We were very pleased with the session. It contains a number of important clues. The arthritis diagnosis, Jane said, was the only one the medical profession could offer, given its insights and viewpoints—but after all those years would she be able “to set it aside”? Seth has insisted all along that she doesn’t have arthritis per se. Instead, according to him, Jane adopted her physical immobility as a form of protection against going too far, too fast, with her unique abilities. Yet she also used her “symptoms” to intensify her focus upon those abilities, and to reinforce the strongly secretive aspects of both of our natures. I must add, however, that these three statements represent great simplifications of very complex psychological phenomena.

[... 13 paragraphs ...]

My hearing began to fail, at first gradually. Let people talk around me, I thought: I no longer cared. Then with bewildering impact I found myself one day almost entirely deaf.
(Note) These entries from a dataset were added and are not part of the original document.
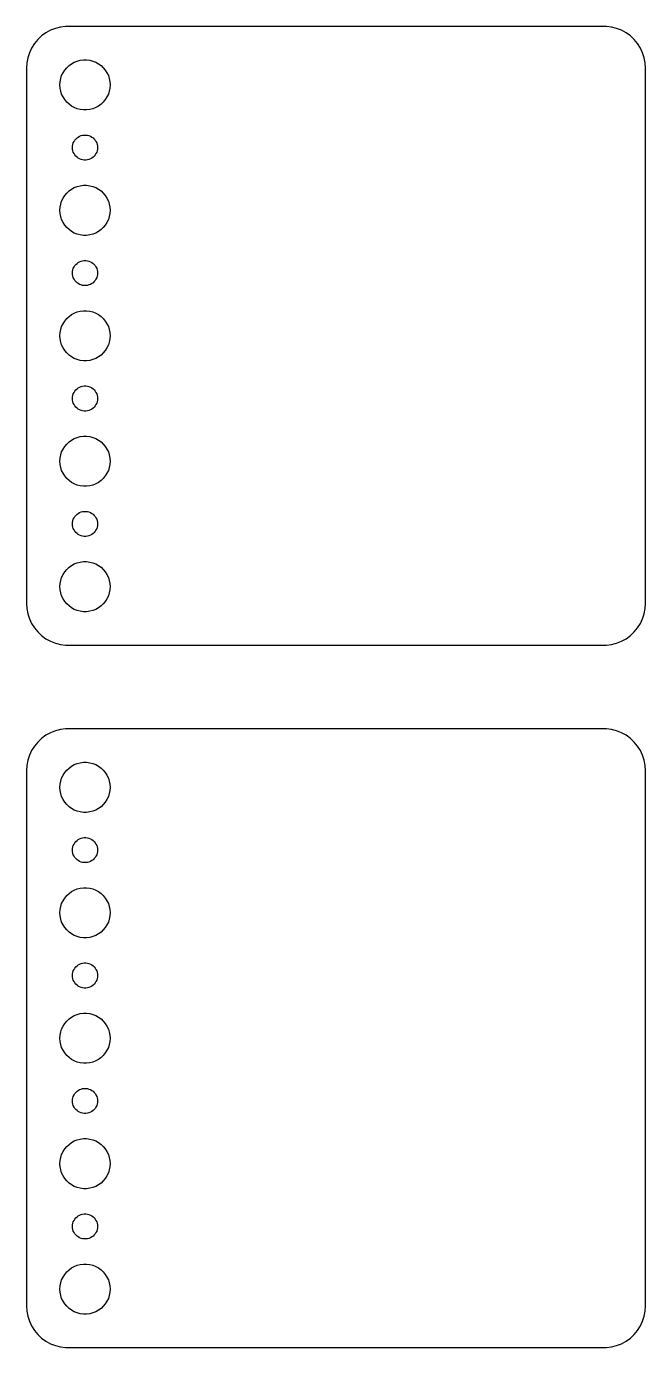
# Model space of a CAD drawing. Header units: metres. Extents: x -37 to 37, y 383 to 793.
# Drawn here: x -37 to 37, y 383 to 541 of the extents above; entities that cross this region are included whole.
import ezdxf

# ---------------------------------------------------------------- set-up
doc = ezdxf.new("R2010")
doc.units = ezdxf.units.M

msp = doc.modelspace()

# ---------------------------------------------------------------- linework, layer by layer
for p, q in [((-34.1289, 540.524), (-34.6791, 540.222)), ((-33.5451, 540.755), (-34.1289, 540.524)), ((-32.9369, 540.911), (-33.5451, 540.755)), ((-32.3139, 540.99), (-32.9369, 540.911)), ((32.3139, 540.99), (-32.3139, 540.99)), ((32.9369, 540.911), (32.3139, 540.99)), ((33.5451, 540.755), (32.9369, 540.911)), ((34.1289, 540.524), (33.5451, 540.755)), ((34.6791, 540.222), (34.1289, 540.524)), ((-36.0451, 538.939), (-36.3815, 538.409)), ((-35.6448, 539.423), (-36.0451, 538.939)), ((-35.1871, 539.853), (-35.6448, 539.423)), ((-34.6791, 540.222), (-35.1871, 539.853)), ((35.1871, 539.853), (34.6791, 540.222)), ((35.6448, 539.423), (35.1871, 539.853)), ((36.0451, 538.939), (35.6448, 539.423)), ((36.3815, 538.409), (36.0451, 538.939)), ((-36.8429, 537.243), (-36.9606, 536.627)), ((-36.6489, 537.841), (-36.8429, 537.243)), ((-36.3815, 538.409), (-36.6489, 537.841)), ((36.6489, 537.841), (36.3815, 538.409)), ((36.8429, 537.243), (36.6489, 537.841)), ((36.9606, 536.627), (36.8429, 537.243)), ((-36.9606, 536.627), (-37, 536)), ((-37, 536), (-37, 472)), ((-32.6289, 535.445), (-32.427, 535.763)), ((-32.427, 535.763), (-32.1869, 536.054)), ((-32.1869, 536.054), (-31.9123, 536.312)), ((-31.9123, 536.312), (-31.6075, 536.533)), ((-31.6075, 536.533), (-31.2773, 536.714)), ((-31.2773, 536.714), (-30.927, 536.853)), ((-30.927, 536.853), (-30.5621, 536.947)), ((-30.5621, 536.947), (-30.1884, 536.994)), ((-30.1884, 536.994), (-29.8116, 536.994)), ((-29.8116, 536.994), (-29.4379, 536.947)), ((-29.4379, 536.947), (-29.0729, 536.853)), ((-29.0729, 536.853), (-28.7227, 536.714)), ((-28.7227, 536.714), (-28.3925, 536.533)), ((-28.3925, 536.533), (-28.0877, 536.312)), ((-28.0877, 536.312), (-27.8131, 536.054)), ((-27.8131, 536.054), (-27.5729, 535.763)), ((-27.5729, 535.763), (-27.3711, 535.445)), ((37, 536), (36.9606, 536.627)), ((37, 472), (37, 536)), ((-33, 534), (-32.9763, 534.376)), ((-32.9763, 533.624), (-33, 534)), ((-32.9763, 534.376), (-32.9057, 534.746)), ((-32.9057, 534.746), (-32.7893, 535.104)), ((-32.7893, 535.104), (-32.6289, 535.445)), ((-27.3711, 535.445), (-27.2107, 535.104)), ((-27.2107, 535.104), (-27.0942, 534.746)), ((-27.0942, 534.746), (-27.0237, 534.376)), ((-27.0237, 534.376), (-27, 534)), ((-27, 534), (-27.0237, 533.624)), ((-32.9057, 533.254), (-32.9763, 533.624)), ((-32.7893, 532.896), (-32.9057, 533.254)), ((-32.6289, 532.555), (-32.7893, 532.896)), ((-32.427, 532.237), (-32.6289, 532.555)), ((-27.3711, 532.555), (-27.5729, 532.237)), ((-27.2107, 532.896), (-27.3711, 532.555)), ((-27.0942, 533.254), (-27.2107, 532.896)), ((-27.0237, 533.624), (-27.0942, 533.254)), ((-32.1869, 531.946), (-32.427, 532.237)), ((-31.9123, 531.688), (-32.1869, 531.946)), ((-31.6075, 531.467), (-31.9123, 531.688)), ((-31.2773, 531.286), (-31.6075, 531.467)), ((-30.927, 531.147), (-31.2773, 531.286)), ((-30.5621, 531.053), (-30.927, 531.147)), ((-30.1884, 531.006), (-30.5621, 531.053)), ((-29.8116, 531.006), (-30.1884, 531.006)), ((-29.4379, 531.053), (-29.8116, 531.006)), ((-29.0729, 531.147), (-29.4379, 531.053)), ((-28.7227, 531.286), (-29.0729, 531.147)), ((-28.3925, 531.467), (-28.7227, 531.286)), ((-28.0877, 531.688), (-28.3925, 531.467)), ((-27.8131, 531.946), (-28.0877, 531.688)), ((-27.5729, 532.237), (-27.8131, 531.946)), ((-31.0934, 527.527), (-30.9561, 527.656)), ((-30.9561, 527.656), (-30.8037, 527.766)), ((-30.8037, 527.766), (-30.6387, 527.857)), ((-30.6387, 527.857), (-30.4635, 527.927)), ((-30.4635, 527.927), (-30.2811, 527.973)), ((-30.2811, 527.973), (-30.0942, 527.997)), ((-30.0942, 527.997), (-29.9058, 527.997)), ((-29.9058, 527.997), (-29.7189, 527.973)), ((-29.7189, 527.973), (-29.5365, 527.927)), ((-29.5365, 527.927), (-29.3613, 527.857)), ((-29.3613, 527.857), (-29.1963, 527.766)), ((-29.1963, 527.766), (-29.0439, 527.656)), ((-29.0439, 527.656), (-28.9065, 527.527)), ((-31.5, 526.5), (-31.4882, 526.688)), ((-31.4882, 526.312), (-31.5, 526.5)), ((-31.4882, 526.688), (-31.4529, 526.873)), ((-31.4529, 526.127), (-31.4882, 526.312)), ((-31.4529, 526.873), (-31.3947, 527.052)), ((-31.3947, 525.948), (-31.4529, 526.127)), ((-31.3947, 527.052), (-31.3145, 527.223)), ((-31.3145, 527.223), (-31.2135, 527.382)), ((-31.2135, 527.382), (-31.0934, 527.527)), ((-28.9065, 527.527), (-28.7865, 527.382)), ((-28.7865, 527.382), (-28.6855, 527.223)), ((-28.6855, 527.223), (-28.6053, 527.052)), ((-28.6053, 527.052), (-28.5471, 526.873)), ((-28.5471, 526.127), (-28.6053, 525.948)), ((-28.5471, 526.873), (-28.5118, 526.688)), ((-28.5118, 526.312), (-28.5471, 526.127)), ((-28.5118, 526.688), (-28.5, 526.5)), ((-28.5, 526.5), (-28.5118, 526.312)), ((-31.3145, 525.777), (-31.3947, 525.948)), ((-31.2135, 525.618), (-31.3145, 525.777)), ((-31.0934, 525.473), (-31.2135, 525.618)), ((-30.9561, 525.344), (-31.0934, 525.473)), ((-30.8037, 525.234), (-30.9561, 525.344)), ((-30.6387, 525.143), (-30.8037, 525.234)), ((-30.4635, 525.073), (-30.6387, 525.143)), ((-30.2811, 525.027), (-30.4635, 525.073)), ((-30.0942, 525.003), (-30.2811, 525.027)), ((-29.9058, 525.003), (-30.0942, 525.003)), ((-29.7189, 525.027), (-29.9058, 525.003)), ((-29.5365, 525.073), (-29.7189, 525.027)), ((-29.3613, 525.143), (-29.5365, 525.073)), ((-29.1963, 525.234), (-29.3613, 525.143)), ((-29.0439, 525.344), (-29.1963, 525.234)), ((-28.9065, 525.473), (-29.0439, 525.344)), ((-28.7865, 525.618), (-28.9065, 525.473)), ((-28.6855, 525.777), (-28.7865, 525.618)), ((-28.6053, 525.948), (-28.6855, 525.777)), ((-31.9123, 521.312), (-31.6075, 521.533)), ((-31.6075, 521.533), (-31.2773, 521.714)), ((-31.2773, 521.714), (-30.927, 521.853)), ((-30.927, 521.853), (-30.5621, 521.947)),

Here was no gentle lulling silence, for the absence of sound frightened me beyond anything I could remember. (Long pause.) Was Rob in the room? If I couldn’t see him I couldn’t tell. Did he stand protectively just behind my chair, ready to help me in my maneuvers into bed, or was he in the kitchen, rooms away? There were no sounds of footsteps upon the carpeted floors, no telltale hint of activity. The experience interrupted my retreat. I remember somehow equating all the silence about me with a forbidding white wall. And in parentheses: (I don’t know why I felt that way, but I did.) I couldn’t die deaf (Jane said with a laugh at 11:45). I think I had imagined that everything would shut down gradually. I certainly hadn’t planned on one sense suddenly turning off.

[... 6 paragraphs ...]

If earlier, however, Ruburt had the erroneous idea that he was going too fast—or would or could—and had to restrain himself and exert caution, now he received the medical prognosis, the “physical proof” that such was not the case, and in fact that the opposite was true: He was too slow. If our words could not convince him, or his own understanding grasp the truth, then you had the “truth” uttered with all of the medical profession’s authority. And if once a doctor had told him years ago how excellent was his hearing, the medical profession now told him that his slowness (his thyroid deficiency) had helped impair his hearing to an alarming degree.

[... 1 paragraph ...]

(Long pause at 7:46.) If Ruburt once found himself imagining that he must be strong and perfect enough to help solve everyone else’s problems, now he found himself relatively helpless and “undefended”—that is, his physical condition put him in [such a situation]. The superperfect, impractical self-image simply fell away. It could not survive such a situation.